↓↓↓

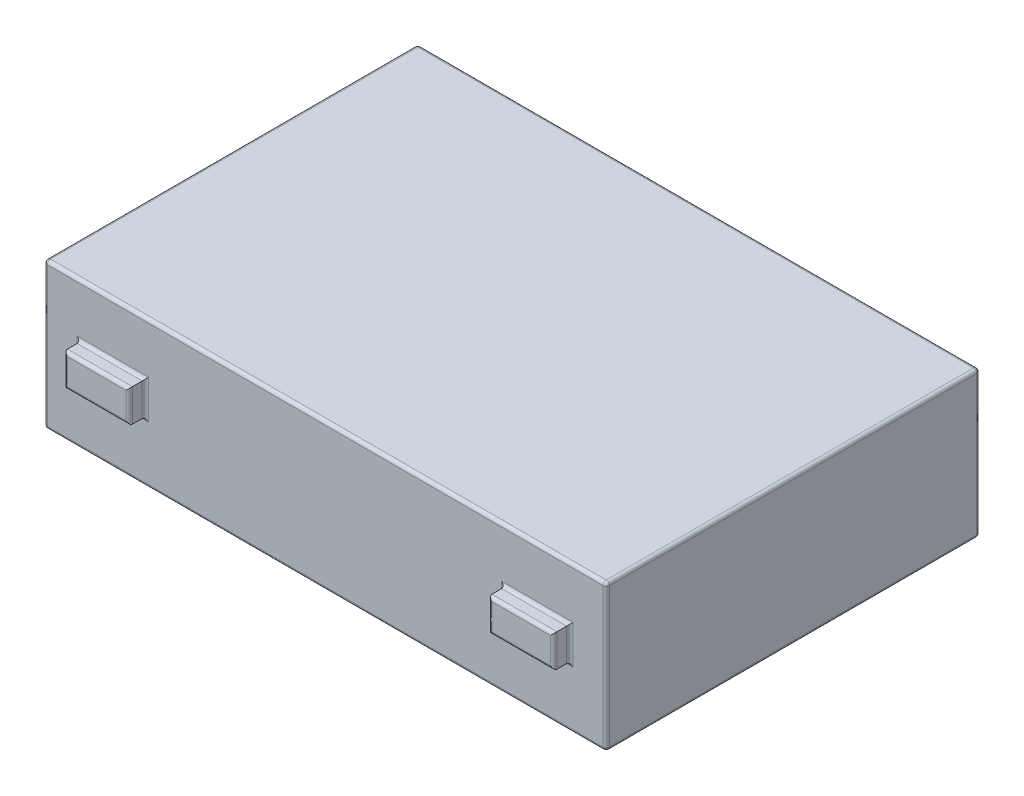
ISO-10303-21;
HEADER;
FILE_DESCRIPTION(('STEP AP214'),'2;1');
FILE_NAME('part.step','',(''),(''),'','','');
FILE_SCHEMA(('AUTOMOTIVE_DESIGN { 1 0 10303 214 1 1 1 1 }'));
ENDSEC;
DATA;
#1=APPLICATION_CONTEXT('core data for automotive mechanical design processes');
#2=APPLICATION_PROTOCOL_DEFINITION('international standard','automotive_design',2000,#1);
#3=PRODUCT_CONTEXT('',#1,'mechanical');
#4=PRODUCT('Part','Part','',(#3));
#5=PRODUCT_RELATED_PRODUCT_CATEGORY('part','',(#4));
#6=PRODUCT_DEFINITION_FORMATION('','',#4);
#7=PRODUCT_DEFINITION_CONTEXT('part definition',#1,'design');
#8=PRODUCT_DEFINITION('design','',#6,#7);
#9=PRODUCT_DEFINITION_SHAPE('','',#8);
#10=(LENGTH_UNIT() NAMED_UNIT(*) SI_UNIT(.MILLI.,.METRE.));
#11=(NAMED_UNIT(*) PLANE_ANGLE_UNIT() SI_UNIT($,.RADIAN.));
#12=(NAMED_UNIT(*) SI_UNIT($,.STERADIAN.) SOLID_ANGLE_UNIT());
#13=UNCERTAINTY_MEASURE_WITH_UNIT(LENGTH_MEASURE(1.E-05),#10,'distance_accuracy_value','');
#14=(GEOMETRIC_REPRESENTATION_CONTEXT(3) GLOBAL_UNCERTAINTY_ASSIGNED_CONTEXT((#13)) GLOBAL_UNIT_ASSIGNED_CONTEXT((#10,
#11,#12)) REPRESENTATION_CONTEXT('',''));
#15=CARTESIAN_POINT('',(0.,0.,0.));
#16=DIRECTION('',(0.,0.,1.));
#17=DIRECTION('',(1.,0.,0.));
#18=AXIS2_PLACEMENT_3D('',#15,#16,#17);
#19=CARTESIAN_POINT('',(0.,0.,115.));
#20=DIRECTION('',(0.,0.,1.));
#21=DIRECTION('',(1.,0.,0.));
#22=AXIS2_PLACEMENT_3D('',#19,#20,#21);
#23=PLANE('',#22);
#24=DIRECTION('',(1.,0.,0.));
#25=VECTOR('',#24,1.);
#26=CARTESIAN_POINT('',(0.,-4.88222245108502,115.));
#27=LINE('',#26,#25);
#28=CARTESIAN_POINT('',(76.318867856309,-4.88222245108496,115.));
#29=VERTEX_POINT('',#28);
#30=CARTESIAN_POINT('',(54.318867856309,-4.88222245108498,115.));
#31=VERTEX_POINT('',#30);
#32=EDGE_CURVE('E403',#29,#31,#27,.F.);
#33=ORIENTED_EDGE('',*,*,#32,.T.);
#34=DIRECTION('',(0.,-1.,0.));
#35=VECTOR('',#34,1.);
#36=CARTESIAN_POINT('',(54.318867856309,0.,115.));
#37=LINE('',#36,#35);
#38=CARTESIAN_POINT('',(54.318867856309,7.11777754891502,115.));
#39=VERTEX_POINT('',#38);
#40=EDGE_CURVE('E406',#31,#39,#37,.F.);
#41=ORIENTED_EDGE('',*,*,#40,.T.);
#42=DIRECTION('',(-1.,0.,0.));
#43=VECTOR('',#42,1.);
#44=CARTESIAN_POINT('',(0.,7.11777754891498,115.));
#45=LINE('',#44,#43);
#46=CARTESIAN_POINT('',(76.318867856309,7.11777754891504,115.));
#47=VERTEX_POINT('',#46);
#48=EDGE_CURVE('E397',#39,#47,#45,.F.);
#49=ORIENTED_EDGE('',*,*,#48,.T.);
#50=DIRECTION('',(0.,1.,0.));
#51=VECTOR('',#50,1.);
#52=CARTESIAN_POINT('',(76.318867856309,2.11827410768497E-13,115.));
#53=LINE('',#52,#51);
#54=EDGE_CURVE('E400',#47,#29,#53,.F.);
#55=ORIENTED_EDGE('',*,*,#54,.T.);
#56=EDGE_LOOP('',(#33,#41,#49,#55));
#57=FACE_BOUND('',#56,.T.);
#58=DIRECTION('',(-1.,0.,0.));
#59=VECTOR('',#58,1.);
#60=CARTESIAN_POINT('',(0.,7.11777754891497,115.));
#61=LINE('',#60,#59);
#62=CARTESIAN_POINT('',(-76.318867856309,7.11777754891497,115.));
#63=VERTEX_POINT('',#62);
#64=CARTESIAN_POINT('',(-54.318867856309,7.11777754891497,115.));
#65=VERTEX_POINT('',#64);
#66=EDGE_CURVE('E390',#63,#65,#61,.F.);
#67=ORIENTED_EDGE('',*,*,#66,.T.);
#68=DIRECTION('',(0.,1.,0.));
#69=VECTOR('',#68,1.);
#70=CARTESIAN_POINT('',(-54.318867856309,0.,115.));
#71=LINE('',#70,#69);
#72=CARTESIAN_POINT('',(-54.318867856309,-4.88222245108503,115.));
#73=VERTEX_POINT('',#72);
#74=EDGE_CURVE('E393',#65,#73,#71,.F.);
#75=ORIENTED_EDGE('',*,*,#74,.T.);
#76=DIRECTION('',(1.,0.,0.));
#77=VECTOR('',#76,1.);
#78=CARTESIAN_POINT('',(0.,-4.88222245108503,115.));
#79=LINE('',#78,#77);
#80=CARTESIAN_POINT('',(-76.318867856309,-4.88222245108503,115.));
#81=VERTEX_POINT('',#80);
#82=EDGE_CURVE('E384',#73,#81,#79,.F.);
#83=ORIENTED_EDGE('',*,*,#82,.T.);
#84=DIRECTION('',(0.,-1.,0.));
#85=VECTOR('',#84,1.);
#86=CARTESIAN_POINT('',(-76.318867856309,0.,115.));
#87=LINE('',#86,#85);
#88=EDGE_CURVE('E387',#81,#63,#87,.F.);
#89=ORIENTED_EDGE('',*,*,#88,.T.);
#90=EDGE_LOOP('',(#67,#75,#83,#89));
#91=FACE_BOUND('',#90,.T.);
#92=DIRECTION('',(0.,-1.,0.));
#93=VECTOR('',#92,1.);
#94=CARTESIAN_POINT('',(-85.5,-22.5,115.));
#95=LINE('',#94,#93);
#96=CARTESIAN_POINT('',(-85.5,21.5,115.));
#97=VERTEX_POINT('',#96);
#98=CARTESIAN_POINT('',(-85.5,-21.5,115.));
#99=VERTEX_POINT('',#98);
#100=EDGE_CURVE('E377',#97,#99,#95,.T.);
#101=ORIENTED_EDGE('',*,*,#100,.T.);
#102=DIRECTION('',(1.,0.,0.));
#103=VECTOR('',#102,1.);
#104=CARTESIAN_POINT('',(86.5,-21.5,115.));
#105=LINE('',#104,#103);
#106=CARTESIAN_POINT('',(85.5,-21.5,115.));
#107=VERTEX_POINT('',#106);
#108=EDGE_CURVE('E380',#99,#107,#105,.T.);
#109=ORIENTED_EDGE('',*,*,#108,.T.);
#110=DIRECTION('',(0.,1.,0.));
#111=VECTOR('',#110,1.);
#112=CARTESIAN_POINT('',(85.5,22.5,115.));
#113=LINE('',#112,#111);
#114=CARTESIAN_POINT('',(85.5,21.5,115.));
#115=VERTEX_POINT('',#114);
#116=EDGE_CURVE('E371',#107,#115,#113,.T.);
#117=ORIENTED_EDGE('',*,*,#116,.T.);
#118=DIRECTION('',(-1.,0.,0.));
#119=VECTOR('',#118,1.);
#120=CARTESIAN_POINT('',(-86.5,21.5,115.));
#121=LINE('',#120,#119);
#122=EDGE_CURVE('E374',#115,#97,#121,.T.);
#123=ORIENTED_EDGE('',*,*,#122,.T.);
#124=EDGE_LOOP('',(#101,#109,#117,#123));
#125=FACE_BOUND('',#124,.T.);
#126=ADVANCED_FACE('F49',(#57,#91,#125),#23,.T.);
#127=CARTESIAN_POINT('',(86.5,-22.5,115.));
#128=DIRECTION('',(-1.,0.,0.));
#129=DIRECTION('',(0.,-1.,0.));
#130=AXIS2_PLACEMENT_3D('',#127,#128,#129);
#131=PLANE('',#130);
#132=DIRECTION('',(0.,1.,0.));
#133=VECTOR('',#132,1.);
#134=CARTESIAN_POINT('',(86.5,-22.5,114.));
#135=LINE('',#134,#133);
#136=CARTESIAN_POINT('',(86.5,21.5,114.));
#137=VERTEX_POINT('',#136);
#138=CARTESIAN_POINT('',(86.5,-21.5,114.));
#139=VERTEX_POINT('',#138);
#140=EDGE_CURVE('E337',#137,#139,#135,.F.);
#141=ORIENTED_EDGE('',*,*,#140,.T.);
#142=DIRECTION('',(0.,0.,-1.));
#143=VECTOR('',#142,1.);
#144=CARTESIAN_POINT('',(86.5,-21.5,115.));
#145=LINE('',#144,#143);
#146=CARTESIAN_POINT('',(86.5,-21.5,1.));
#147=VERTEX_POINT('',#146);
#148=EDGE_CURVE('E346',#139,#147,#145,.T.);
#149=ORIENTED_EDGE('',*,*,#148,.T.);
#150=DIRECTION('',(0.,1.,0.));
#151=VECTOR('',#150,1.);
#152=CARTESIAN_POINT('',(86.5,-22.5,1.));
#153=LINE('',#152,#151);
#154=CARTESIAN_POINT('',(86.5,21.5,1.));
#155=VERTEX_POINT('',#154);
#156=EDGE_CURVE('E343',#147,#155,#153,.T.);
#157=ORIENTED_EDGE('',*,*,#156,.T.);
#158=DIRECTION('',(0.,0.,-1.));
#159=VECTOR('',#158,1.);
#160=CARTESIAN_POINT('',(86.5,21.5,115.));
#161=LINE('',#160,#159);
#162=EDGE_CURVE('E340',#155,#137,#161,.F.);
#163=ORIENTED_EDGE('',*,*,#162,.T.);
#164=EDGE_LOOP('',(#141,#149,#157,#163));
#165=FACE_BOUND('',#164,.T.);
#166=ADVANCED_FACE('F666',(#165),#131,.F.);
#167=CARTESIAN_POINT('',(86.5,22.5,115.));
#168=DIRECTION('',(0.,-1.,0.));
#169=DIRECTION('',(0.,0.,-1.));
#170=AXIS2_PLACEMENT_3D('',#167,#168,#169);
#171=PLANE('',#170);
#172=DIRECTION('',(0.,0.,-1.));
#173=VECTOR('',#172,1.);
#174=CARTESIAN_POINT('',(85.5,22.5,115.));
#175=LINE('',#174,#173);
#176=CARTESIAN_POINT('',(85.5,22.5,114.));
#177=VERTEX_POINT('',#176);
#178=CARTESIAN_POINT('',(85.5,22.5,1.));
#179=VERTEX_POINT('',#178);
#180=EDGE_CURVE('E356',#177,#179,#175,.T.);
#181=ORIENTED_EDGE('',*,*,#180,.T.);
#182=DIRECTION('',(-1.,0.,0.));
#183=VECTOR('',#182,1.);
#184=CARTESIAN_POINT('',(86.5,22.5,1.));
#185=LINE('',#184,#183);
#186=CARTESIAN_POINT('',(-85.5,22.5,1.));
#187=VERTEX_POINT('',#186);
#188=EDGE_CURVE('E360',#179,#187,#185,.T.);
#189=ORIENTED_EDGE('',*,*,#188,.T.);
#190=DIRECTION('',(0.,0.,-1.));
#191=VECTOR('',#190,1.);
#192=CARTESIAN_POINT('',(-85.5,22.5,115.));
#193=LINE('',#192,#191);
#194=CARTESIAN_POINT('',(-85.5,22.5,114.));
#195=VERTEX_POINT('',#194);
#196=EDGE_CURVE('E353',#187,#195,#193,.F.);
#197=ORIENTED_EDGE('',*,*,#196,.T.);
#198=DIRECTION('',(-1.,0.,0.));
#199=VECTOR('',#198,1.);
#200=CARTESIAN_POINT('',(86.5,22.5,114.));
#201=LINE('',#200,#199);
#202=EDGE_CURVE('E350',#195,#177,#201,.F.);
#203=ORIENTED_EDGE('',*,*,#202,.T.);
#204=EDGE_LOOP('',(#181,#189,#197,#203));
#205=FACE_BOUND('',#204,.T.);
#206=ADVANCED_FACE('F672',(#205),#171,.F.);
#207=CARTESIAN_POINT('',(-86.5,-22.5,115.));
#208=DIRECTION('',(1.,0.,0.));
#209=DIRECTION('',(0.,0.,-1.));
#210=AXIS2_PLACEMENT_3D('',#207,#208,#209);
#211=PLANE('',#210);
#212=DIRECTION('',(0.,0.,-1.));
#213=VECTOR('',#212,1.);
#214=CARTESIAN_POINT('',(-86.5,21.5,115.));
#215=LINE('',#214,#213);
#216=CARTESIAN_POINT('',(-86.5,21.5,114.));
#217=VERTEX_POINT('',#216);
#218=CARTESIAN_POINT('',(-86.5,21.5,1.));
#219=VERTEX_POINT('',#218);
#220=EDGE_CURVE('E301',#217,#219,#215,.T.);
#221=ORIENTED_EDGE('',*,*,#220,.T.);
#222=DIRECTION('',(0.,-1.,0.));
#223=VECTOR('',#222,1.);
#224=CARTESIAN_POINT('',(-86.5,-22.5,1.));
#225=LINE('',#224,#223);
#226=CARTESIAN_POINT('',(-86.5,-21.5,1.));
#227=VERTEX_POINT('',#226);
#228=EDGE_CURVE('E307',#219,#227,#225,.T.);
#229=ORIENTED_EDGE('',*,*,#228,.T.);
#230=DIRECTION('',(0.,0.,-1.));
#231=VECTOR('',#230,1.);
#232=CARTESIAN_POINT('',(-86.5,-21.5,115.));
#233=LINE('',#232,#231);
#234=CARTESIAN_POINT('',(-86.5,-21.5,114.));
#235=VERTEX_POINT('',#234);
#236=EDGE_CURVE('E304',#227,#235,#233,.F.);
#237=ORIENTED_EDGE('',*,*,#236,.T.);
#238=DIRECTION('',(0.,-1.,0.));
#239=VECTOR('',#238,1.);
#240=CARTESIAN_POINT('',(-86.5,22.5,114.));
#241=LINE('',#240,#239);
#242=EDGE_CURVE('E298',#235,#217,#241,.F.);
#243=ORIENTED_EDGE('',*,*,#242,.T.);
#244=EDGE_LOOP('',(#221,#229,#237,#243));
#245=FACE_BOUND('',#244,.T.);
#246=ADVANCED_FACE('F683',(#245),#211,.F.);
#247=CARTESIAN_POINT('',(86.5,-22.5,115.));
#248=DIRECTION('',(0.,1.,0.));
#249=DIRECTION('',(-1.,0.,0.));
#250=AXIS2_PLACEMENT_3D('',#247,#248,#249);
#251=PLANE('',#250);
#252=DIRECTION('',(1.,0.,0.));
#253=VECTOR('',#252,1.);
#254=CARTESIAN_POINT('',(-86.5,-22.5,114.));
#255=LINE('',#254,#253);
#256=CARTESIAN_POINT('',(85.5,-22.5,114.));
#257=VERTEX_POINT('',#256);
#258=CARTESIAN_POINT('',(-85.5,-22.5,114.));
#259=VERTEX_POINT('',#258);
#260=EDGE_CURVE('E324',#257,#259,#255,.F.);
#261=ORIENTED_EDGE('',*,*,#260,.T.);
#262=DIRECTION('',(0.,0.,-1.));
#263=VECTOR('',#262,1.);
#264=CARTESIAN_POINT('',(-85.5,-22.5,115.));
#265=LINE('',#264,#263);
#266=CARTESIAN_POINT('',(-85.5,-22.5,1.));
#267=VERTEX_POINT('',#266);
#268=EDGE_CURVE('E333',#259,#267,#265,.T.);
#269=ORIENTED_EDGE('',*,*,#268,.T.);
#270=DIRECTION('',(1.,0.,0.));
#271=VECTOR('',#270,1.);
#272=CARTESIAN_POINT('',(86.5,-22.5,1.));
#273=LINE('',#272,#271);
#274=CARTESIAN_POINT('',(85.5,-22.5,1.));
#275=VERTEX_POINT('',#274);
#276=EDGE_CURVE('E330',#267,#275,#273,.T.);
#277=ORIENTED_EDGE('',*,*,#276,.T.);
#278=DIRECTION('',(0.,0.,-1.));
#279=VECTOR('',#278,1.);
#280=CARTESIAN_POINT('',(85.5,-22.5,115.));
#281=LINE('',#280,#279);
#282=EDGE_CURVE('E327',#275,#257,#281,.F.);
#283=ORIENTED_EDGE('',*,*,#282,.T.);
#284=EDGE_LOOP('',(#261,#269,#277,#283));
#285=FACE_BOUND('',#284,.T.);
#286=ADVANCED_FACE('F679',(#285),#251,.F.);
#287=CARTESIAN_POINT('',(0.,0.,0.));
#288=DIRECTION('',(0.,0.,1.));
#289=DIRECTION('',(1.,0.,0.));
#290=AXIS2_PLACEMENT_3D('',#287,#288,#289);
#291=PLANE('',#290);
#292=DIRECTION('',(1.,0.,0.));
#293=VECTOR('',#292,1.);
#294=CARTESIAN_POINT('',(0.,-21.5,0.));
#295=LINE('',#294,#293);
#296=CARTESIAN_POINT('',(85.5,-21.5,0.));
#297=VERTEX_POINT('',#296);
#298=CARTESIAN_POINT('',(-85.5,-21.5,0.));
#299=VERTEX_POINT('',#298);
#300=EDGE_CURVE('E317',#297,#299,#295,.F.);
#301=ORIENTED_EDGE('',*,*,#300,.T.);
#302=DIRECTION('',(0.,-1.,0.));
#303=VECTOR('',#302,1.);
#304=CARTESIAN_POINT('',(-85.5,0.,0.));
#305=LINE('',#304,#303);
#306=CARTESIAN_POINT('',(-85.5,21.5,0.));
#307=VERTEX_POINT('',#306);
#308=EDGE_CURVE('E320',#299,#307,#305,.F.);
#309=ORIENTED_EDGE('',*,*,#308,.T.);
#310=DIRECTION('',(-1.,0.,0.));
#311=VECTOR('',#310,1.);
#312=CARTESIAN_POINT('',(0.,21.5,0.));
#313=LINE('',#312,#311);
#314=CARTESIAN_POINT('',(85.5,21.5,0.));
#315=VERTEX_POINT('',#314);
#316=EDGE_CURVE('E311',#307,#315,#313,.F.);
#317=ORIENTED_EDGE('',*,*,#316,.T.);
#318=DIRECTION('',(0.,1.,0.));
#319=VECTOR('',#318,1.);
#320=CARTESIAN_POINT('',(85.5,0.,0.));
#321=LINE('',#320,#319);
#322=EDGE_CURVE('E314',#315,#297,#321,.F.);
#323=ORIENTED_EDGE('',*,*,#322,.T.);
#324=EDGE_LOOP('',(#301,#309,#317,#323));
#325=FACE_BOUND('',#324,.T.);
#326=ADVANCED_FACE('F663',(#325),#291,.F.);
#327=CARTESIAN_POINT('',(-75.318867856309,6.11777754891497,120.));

↑↑↑

Exercise goal => Would you retype the lines above from the one with "#248=DIRECTION('',(0.,1.,0.));" down to the one with "#276=EDGE_CURVE('E330',#267,#275,#273,.T.);", word for word, both ends included and no other lines?

Your response =>
#248=DIRECTION('',(0.,1.,0.));
#249=DIRECTION('',(-1.,0.,0.));
#250=AXIS2_PLACEMENT_3D('',#247,#248,#249);
#251=PLANE('',#250);
#252=DIRECTION('',(1.,0.,0.));
#253=VECTOR('',#252,1.);
#254=CARTESIAN_POINT('',(-86.5,-22.5,114.));
#255=LINE('',#254,#253);
#256=CARTESIAN_POINT('',(85.5,-22.5,114.));
#257=VERTEX_POINT('',#256);
#258=CARTESIAN_POINT('',(-85.5,-22.5,114.));
#259=VERTEX_POINT('',#258);
#260=EDGE_CURVE('E324',#257,#259,#255,.F.);
#261=ORIENTED_EDGE('',*,*,#260,.T.);
#262=DIRECTION('',(0.,0.,-1.));
#263=VECTOR('',#262,1.);
#264=CARTESIAN_POINT('',(-85.5,-22.5,115.));
#265=LINE('',#264,#263);
#266=CARTESIAN_POINT('',(-85.5,-22.5,1.));
#267=VERTEX_POINT('',#266);
#268=EDGE_CURVE('E333',#259,#267,#265,.T.);
#269=ORIENTED_EDGE('',*,*,#268,.T.);
#270=DIRECTION('',(1.,0.,0.));
#271=VECTOR('',#270,1.);
#272=CARTESIAN_POINT('',(86.5,-22.5,1.));
#273=LINE('',#272,#271);
#274=CARTESIAN_POINT('',(85.5,-22.5,1.));
#275=VERTEX_POINT('',#274);
#276=EDGE_CURVE('E330',#267,#275,#273,.T.);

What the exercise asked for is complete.